Have you contacted the nearest Hungarian Embassy or consulate in the USA? They probably can give the best, up to date answers. And up to date is important. Laws change here all the time. Someone getting married here a few years ago may give you wrong answers under current law.

Side notes:

If you and your Fiancee have Hungarian family history, it may be to consider to get Hungarian Passports... that may make things easier.

Agree with other posters --- since only the civil marriage counts here, get married in the USA. If the reason to get married in Hungary is for the "family and relatives" (which may include the "church things), then be aware you are being dragged around into Hungarian Bureaucracy for them.... Which really... seriously.... is not really worth it if you never move here (and probably not worth it even if you move here).

fluffy2560 wrote:

Married again and didn't tell anyone and just civil registry and a couple of witnesses! Cheapest of cheapest marriages!


I have found, by those I know, that the "escape and marry" marriages actually last longer than the "agreed" huge family ones. Real love does not care what "the family thinks".

klsallee wrote:
fluffy2560 wrote:

Married again and didn't tell anyone and just civil registry and a couple of witnesses! Cheapest of cheapest marriages!

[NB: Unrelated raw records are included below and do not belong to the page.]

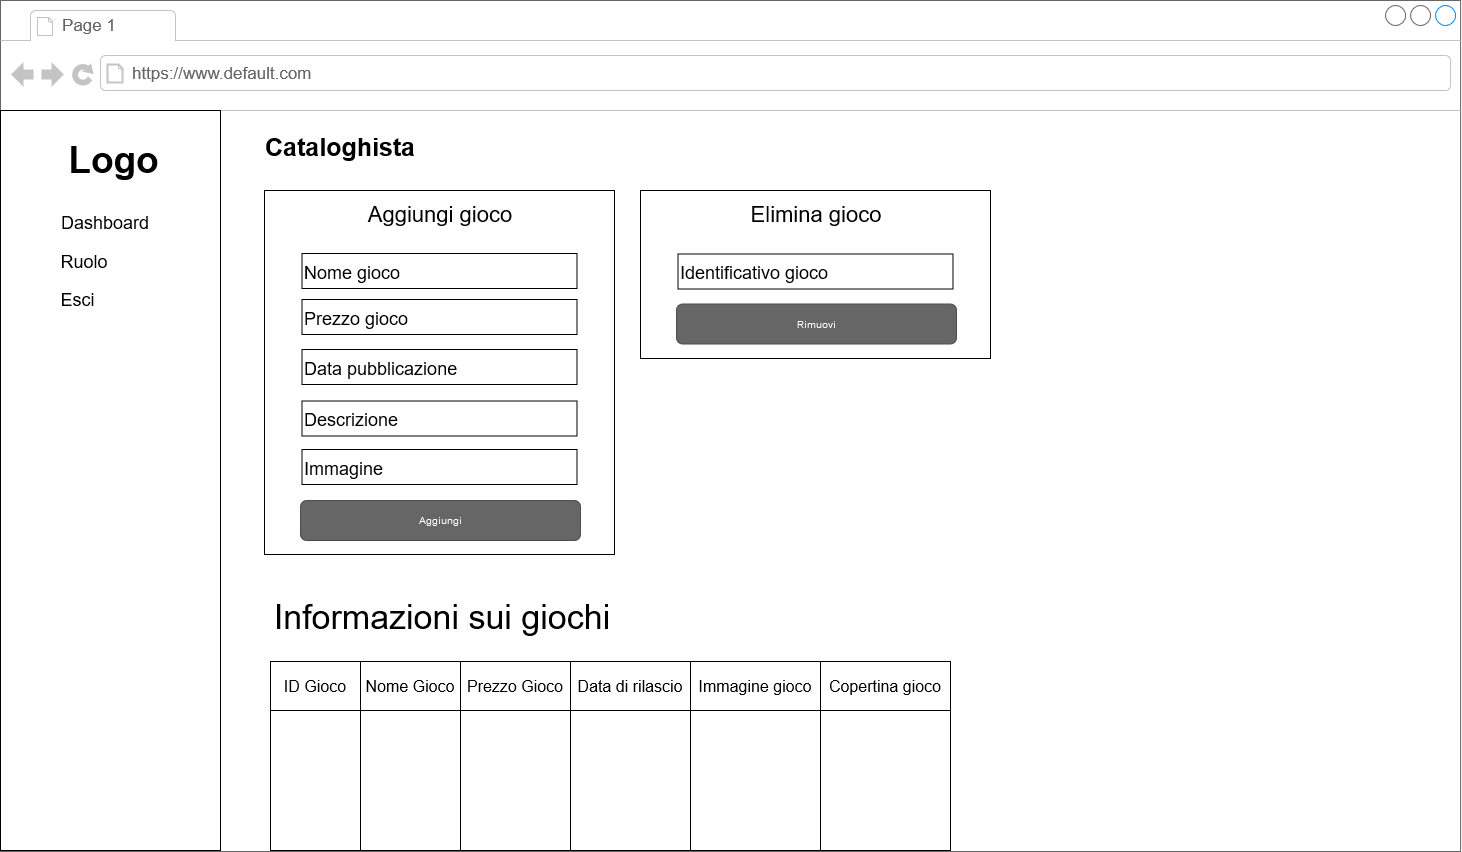

The diagram above was exported from draw.io. Its source (the exported page's mxGraphModel, read from the mxfile embedded in the PNG):
<mxGraphModel dx="2195" dy="1223" grid="1" gridSize="10" guides="1" tooltips="1" connect="1" arrows="1" fold="1" page="1" pageScale="1" pageWidth="1100" pageHeight="850" background="#ffffff" math="0" shadow="0">
  <root>
    <mxCell id="0" />
    <mxCell id="1" parent="0" />
    <mxCell id="1qLlPCCaCUlvFuenfG2K-10" value="" style="strokeWidth=1;shadow=0;dashed=0;align=center;html=1;shape=mxgraph.mockup.containers.browserWindow;rSize=0;strokeColor=#666666;mainText=,;recursiveResize=0;rounded=0;labelBackgroundColor=none;fontFamily=Verdana;fontSize=12;fillColor=#FFFFFF;" parent="1" vertex="1">
      <mxGeometry x="50" y="39" width="1460.08" height="851" as="geometry" />
    </mxCell>
    <mxCell id="1qLlPCCaCUlvFuenfG2K-11" value="Page 1" style="strokeWidth=1;shadow=0;dashed=0;align=center;html=1;shape=mxgraph.mockup.containers.anchor;fontSize=17;fontColor=#666666;align=left;" parent="1qLlPCCaCUlvFuenfG2K-10" vertex="1">
      <mxGeometry x="60" y="12" width="110" height="26" as="geometry" />
    </mxCell>
    <mxCell id="1qLlPCCaCUlvFuenfG2K-12" value="https://www.default.com" style="strokeWidth=1;shadow=0;dashed=0;align=center;html=1;shape=mxgraph.mockup.containers.anchor;rSize=0;fontSize=17;fontColor=#666666;align=left;" parent="1qLlPCCaCUlvFuenfG2K-10" vertex="1">
      <mxGeometry x="130" y="60" width="250" height="26" as="geometry" />
    </mxCell>
    <mxCell id="1qLlPCCaCUlvFuenfG2K-13" value="" style="rounded=0;whiteSpace=wrap;html=1;fontSize=34;" parent="1qLlPCCaCUlvFuenfG2K-10" vertex="1">
      <mxGeometry y="110" width="220" height="740" as="geometry" />
    </mxCell>
    <mxCell id="1qLlPCCaCUlvFuenfG2K-14" value="&lt;font style=&quot;font-size: 37px&quot;&gt;Logo&lt;/font&gt;" style="text;strokeColor=none;fillColor=none;html=1;fontSize=24;fontStyle=1;verticalAlign=middle;align=center;" parent="1qLlPCCaCUlvFuenfG2K-10" vertex="1">
      <mxGeometry x="15" y="130" width="195" height="60" as="geometry" />
    </mxCell>
    <mxCell id="1qLlPCCaCUlvFuenfG2K-15" value="&lt;font style=&quot;font-size: 18px&quot;&gt;Dashboard&lt;/font&gt;" style="text;html=1;strokeColor=none;fillColor=none;align=center;verticalAlign=middle;whiteSpace=wrap;rounded=0;fontSize=20;" parent="1qLlPCCaCUlvFuenfG2K-10" vertex="1">
      <mxGeometry x="40" y="206" width="130" height="30" as="geometry" />
    </mxCell>
    <mxCell id="1qLlPCCaCUlvFuenfG2K-16" value="&lt;font style=&quot;font-size: 18px&quot;&gt;Ruolo&lt;/font&gt;" style="text;html=1;strokeColor=none;fillColor=none;align=center;verticalAlign=middle;whiteSpace=wrap;rounded=0;fontSize=20;" parent="1qLlPCCaCUlvFuenfG2K-10" vertex="1">
      <mxGeometry x="49" y="245" width="70" height="30" as="geometry" />
    </mxCell>
    <mxCell id="1qLlPCCaCUlvFuenfG2K-17" value="&lt;font style=&quot;font-size: 18px&quot;&gt;Esci&lt;/font&gt;" style="text;html=1;strokeColor=none;fillColor=none;align=center;verticalAlign=middle;whiteSpace=wrap;rounded=0;fontSize=20;" parent="1qLlPCCaCUlvFuenfG2K-10" vertex="1">
      <mxGeometry x="45" y="283" width="65" height="30" as="geometry" />
    </mxCell>
    <mxCell id="1qLlPCCaCUlvFuenfG2K-18" value="Cataloghista" style="text;html=1;strokeColor=none;fillColor=none;align=center;verticalAlign=middle;whiteSpace=wrap;rounded=0;strokeWidth=6;fontSize=25;fontStyle=1" parent="1qLlPCCaCUlvFuenfG2K-10" vertex="1">
      <mxGeometry x="310" y="131" width="60" height="30" as="geometry" />
    </mxCell>
    <mxCell id="1qLlPCCaCUlvFuenfG2K-19" value="" style="rounded=0;whiteSpace=wrap;html=1;fontSize=26;" parent="1qLlPCCaCUlvFuenfG2K-10" vertex="1">
      <mxGeometry x="264" y="190" width="350" height="364" as="geometry" />
    </mxCell>
    <mxCell id="1qLlPCCaCUlvFuenfG2K-20" value="" style="rounded=0;whiteSpace=wrap;html=1;fontSize=26;" parent="1qLlPCCaCUlvFuenfG2K-10" vertex="1">
      <mxGeometry x="640" y="190" width="350" height="168" as="geometry" />
    </mxCell>
    <mxCell id="1qLlPCCaCUlvFuenfG2K-21" value="&lt;font style=&quot;font-size: 22px&quot;&gt;Aggiungi gioco&lt;br&gt;&lt;/font&gt;" style="text;html=1;strokeColor=none;fillColor=none;align=center;verticalAlign=middle;whiteSpace=wrap;rounded=0;fontSize=26;" parent="1qLlPCCaCUlvFuenfG2K-10" vertex="1">
      <mxGeometry x="350" y="197" width="180" height="30" as="geometry" />
    </mxCell>
    <mxCell id="1qLlPCCaCUlvFuenfG2K-22" value="&lt;font style=&quot;font-size: 22px&quot;&gt;Elimina gioco&lt;/font&gt;" style="text;html=1;strokeColor=none;fillColor=none;align=center;verticalAlign=middle;whiteSpace=wrap;rounded=0;fontSize=26;" parent="1qLlPCCaCUlvFuenfG2K-10" vertex="1">
      <mxGeometry x="726" y="197" width="180" height="30" as="geometry" />
    </mxCell>
    <mxCell id="1qLlPCCaCUlvFuenfG2K-23" value="&lt;font style=&quot;font-size: 18px&quot;&gt;Nome gioco&lt;/font&gt;" style="rounded=0;whiteSpace=wrap;html=1;fontSize=22;align=left;" parent="1qLlPCCaCUlvFuenfG2K-10" vertex="1">
      <mxGeometry x="301.5" y="253" width="275" height="35" as="geometry" />
    </mxCell>
    <mxCell id="1qLlPCCaCUlvFuenfG2K-24" value="&lt;font style=&quot;font-size: 18px&quot;&gt;Prezzo gioco&lt;/font&gt;" style="rounded=0;whiteSpace=wrap;html=1;fontSize=22;align=left;" parent="1qLlPCCaCUlvFuenfG2K-10" vertex="1">
      <mxGeometry x="301.5" y="299" width="275" height="35" as="geometry" />
    </mxCell>
    <mxCell id="1qLlPCCaCUlvFuenfG2K-25" value="&lt;font style=&quot;font-size: 18px&quot;&gt;Data pubblicazione&lt;/font&gt;" style="rounded=0;whiteSpace=wrap;html=1;fontSize=22;align=left;" parent="1qLlPCCaCUlvFuenfG2K-10" vertex="1">
      <mxGeometry x="301.5" y="349" width="275" height="35" as="geometry" />
    </mxCell>
    <mxCell id="1qLlPCCaCUlvFuenfG2K-26" value="&lt;font style=&quot;font-size: 18px&quot;&gt;Descrizione&lt;/font&gt;" style="rounded=0;whiteSpace=wrap;html=1;fontSize=22;align=left;" parent="1qLlPCCaCUlvFuenfG2K-10" vertex="1">
      <mxGeometry x="301.5" y="400.5" width="275" height="35" as="geometry" />
    </mxCell>
    <mxCell id="1qLlPCCaCUlvFuenfG2K-27" value="&lt;font style=&quot;font-size: 18px&quot;&gt;Immagine&lt;/font&gt;" style="rounded=0;whiteSpace=wrap;html=1;fontSize=22;align=left;" parent="1qLlPCCaCUlvFuenfG2K-10" vertex="1">
      <mxGeometry x="301.5" y="449" width="275" height="35" as="geometry" />
    </mxCell>
    <mxCell id="1qLlPCCaCUlvFuenfG2K-29" value="Aggiungi" style="rounded=1;html=1;shadow=0;dashed=0;whiteSpace=wrap;fontSize=10;fillColor=#666666;align=center;strokeColor=#4D4D4D;fontColor=#ffffff;" parent="1qLlPCCaCUlvFuenfG2K-10" vertex="1">
      <mxGeometry x="300" y="500" width="280" height="40" as="geometry" />
    </mxCell>
    <mxCell id="1qLlPCCaCUlvFuenfG2K-30" value="&lt;font style=&quot;font-size: 18px&quot;&gt;Identificativo gioco&lt;/font&gt;" style="rounded=0;whiteSpace=wrap;html=1;fontSize=22;align=left;" parent="1qLlPCCaCUlvFuenfG2K-10" vertex="1">
      <mxGeometry x="677.5" y="253.5" width="275" height="35" as="geometry" />
    </mxCell>
    <mxCell id="1qLlPCCaCUlvFuenfG2K-31" value="Rimuovi" style="rounded=1;html=1;shadow=0;dashed=0;whiteSpace=wrap;fontSize=10;fillColor=#666666;align=center;strokeColor=#4D4D4D;fontColor=#ffffff;" parent="1qLlPCCaCUlvFuenfG2K-10" vertex="1">
      <mxGeometry x="676" y="303.5" width="280" height="40" as="geometry" />
    </mxCell>
    <mxCell id="OQG2gr6axkKxkdJ5nj2d-59" value="Informazioni sui giochi" style="text;html=1;strokeColor=none;fillColor=none;align=center;verticalAlign=middle;whiteSpace=wrap;rounded=0;fontSize=34;" vertex="1" parent="1qLlPCCaCUlvFuenfG2K-10">
      <mxGeometry x="264" y="601" width="356" height="30" as="geometry" />
    </mxCell>
    <mxCell id="OQG2gr6axkKxkdJ5nj2d-65" value="ID Gioco" style="rounded=0;whiteSpace=wrap;html=1;fontSize=16;strokeWidth=1;fillColor=#FFFFFF;" vertex="1" parent="1qLlPCCaCUlvFuenfG2K-10">
      <mxGeometry x="270" y="661" width="90" height="49" as="geometry" />
    </mxCell>
    <mxCell id="OQG2gr6axkKxkdJ5nj2d-66" value="Nome Gioco" style="rounded=0;whiteSpace=wrap;html=1;fontSize=16;strokeWidth=1;fillColor=#FFFFFF;" vertex="1" parent="1qLlPCCaCUlvFuenfG2K-10">
      <mxGeometry x="360" y="661" width="100" height="49" as="geometry" />
    </mxCell>
    <mxCell id="OQG2gr6axkKxkdJ5nj2d-67" value="Prezzo Gioco" style="rounded=0;whiteSpace=wrap;html=1;fontSize=16;strokeWidth=1;fillColor=#FFFFFF;" vertex="1" parent="1qLlPCCaCUlvFuenfG2K-10">
      <mxGeometry x="460" y="661" width="110" height="49" as="geometry" />
    </mxCell>
    <mxCell id="OQG2gr6axkKxkdJ5nj2d-68" value="Data di rilascio" style="rounded=0;whiteSpace=wrap;html=1;fontSize=16;strokeWidth=1;fillColor=#FFFFFF;" vertex="1" parent="1qLlPCCaCUlvFuenfG2K-10">
      <mxGeometry x="570" y="661" width="120" height="49" as="geometry" />
    </mxCell>
    <mxCell id="OQG2gr6axkKxkdJ5nj2d-69" value="Immagine gioco" style="rounded=0;whiteSpace=wrap;html=1;fontSize=16;strokeWidth=1;fillColor=#FFFFFF;" vertex="1" parent="1qLlPCCaCUlvFuenfG2K-10">
      <mxGeometry x="690" y="661" width="130" height="49" as="geometry" />
    </mxCell>
    <mxCell id="OQG2gr6axkKxkdJ5nj2d-70" value="Copertina gioco" style="rounded=0;whiteSpace=wrap;html=1;fontSize=16;strokeWidth=1;fillColor=#FFFFFF;" vertex="1" parent="1qLlPCCaCUlvFuenfG2K-10">
      <mxGeometry x="820" y="661" width="130" height="49" as="geometry" />
    </mxCell>
    <mxCell id="OQG2gr6axkKxkdJ5nj2d-71" value="" style="rounded=0;whiteSpace=wrap;html=1;fontSize=16;strokeWidth=1;fillColor=#FFFFFF;" vertex="1" parent="1qLlPCCaCUlvFuenfG2K-10">
      <mxGeometry x="270" y="710" width="90" height="140" as="geometry" />
    </mxCell>
    <mxCell id="OQG2gr6axkKxkdJ5nj2d-73" value="" style="rounded=0;whiteSpace=wrap;html=1;fontSize=16;strokeWidth=1;fillColor=#FFFFFF;" vertex="1" parent="1qLlPCCaCUlvFuenfG2K-10">
      <mxGeometry x="360" y="710" width="100" height="140" as="geometry" />
    </mxCell>
    <mxCell id="OQG2gr6axkKxkdJ5nj2d-74" value="" style="rounded=0;whiteSpace=wrap;html=1;fontSize=16;strokeWidth=1;fillColor=#FFFFFF;" vertex="1" parent="1qLlPCCaCUlvFuenfG2K-10">
      <mxGeometry x="460" y="710" width="110" height="140" as="geometry" />
    </mxCell>
    <mxCell id="OQG2gr6axkKxkdJ5nj2d-75" value="" style="rounded=0;whiteSpace=wrap;html=1;fontSize=16;strokeWidth=1;fillColor=#FFFFFF;" vertex="1" parent="1qLlPCCaCUlvFuenfG2K-10">
      <mxGeometry x="570" y="710" width="120" height="140" as="geometry" />
    </mxCell>
    <mxCell id="OQG2gr6axkKxkdJ5nj2d-76" value="" style="rounded=0;whiteSpace=wrap;html=1;fontSize=16;strokeWidth=1;fillColor=#FFFFFF;" vertex="1" parent="1qLlPCCaCUlvFuenfG2K-10">
      <mxGeometry x="690" y="710" width="130" height="140" as="geometry" />
    </mxCell>
    <mxCell id="OQG2gr6axkKxkdJ5nj2d-77" value="" style="rounded=0;whiteSpace=wrap;html=1;fontSize=16;strokeWidth=1;fillColor=#FFFFFF;" vertex="1" parent="1qLlPCCaCUlvFuenfG2K-10">
      <mxGeometry x="820" y="710" width="130" height="140" as="geometry" />
    </mxCell>
  </root>
</mxGraphModel>

I have found, by those I know, that the "escape and marry" marriages actually last longer than the "agreed" huge family ones. Real love does not care what "the family thinks".


Yup, I second that - mostly.   

After one gets married for oneself, not for everyone else. 

I wouldn't necessary describe it as a "escape and marry".  It's just getting married. 

I mean if you are older, maybe even been married before, then it's none of anyone else's business. 

Mrs Fluffy and I thought of it as an administrative event for ourselves.

Thanks everyone for your input!

We know about the civil marriage being in the courthouse in Hungary, which isn't a deal breaker.

You being up good points about having just a “secret” wedding at home and then doing the “ceremony” in Hungary.  I think that's our back up plan if we can't figure out our paperwork or we end up not having all we need in December.

As far as why we are considering it- all
my family is in Europe still except my mom and sister. Most of them are elderly and can't travel far to the USA to be a part of it.  So we wanted to take it to them.

Also, my father passed away fairly recently and he always made sure I knew my heritage, taught me Hungarian before I learned English in the USA, etc. it's a personal thing, but it's in my head a way I can have him be a part of it without him being there to be a part of it.

The other thing is my fiancé is a wedding planner in the USA, and often handles big weddings here. Way too expensive weddings that are done and over in just a few hours, with way too many people invited.

We wanted to do something small that is different from what she is used to doing over and over again in the USA.

Also, the costs of traveling to Hungary to get married, including the official translations is still way cheaper than some of our wedding options in the USA. And it allows us to get two weeks of vacation time, which gives us much more value for our money than just one day. Also gets us our honeymoon taken care of as well. 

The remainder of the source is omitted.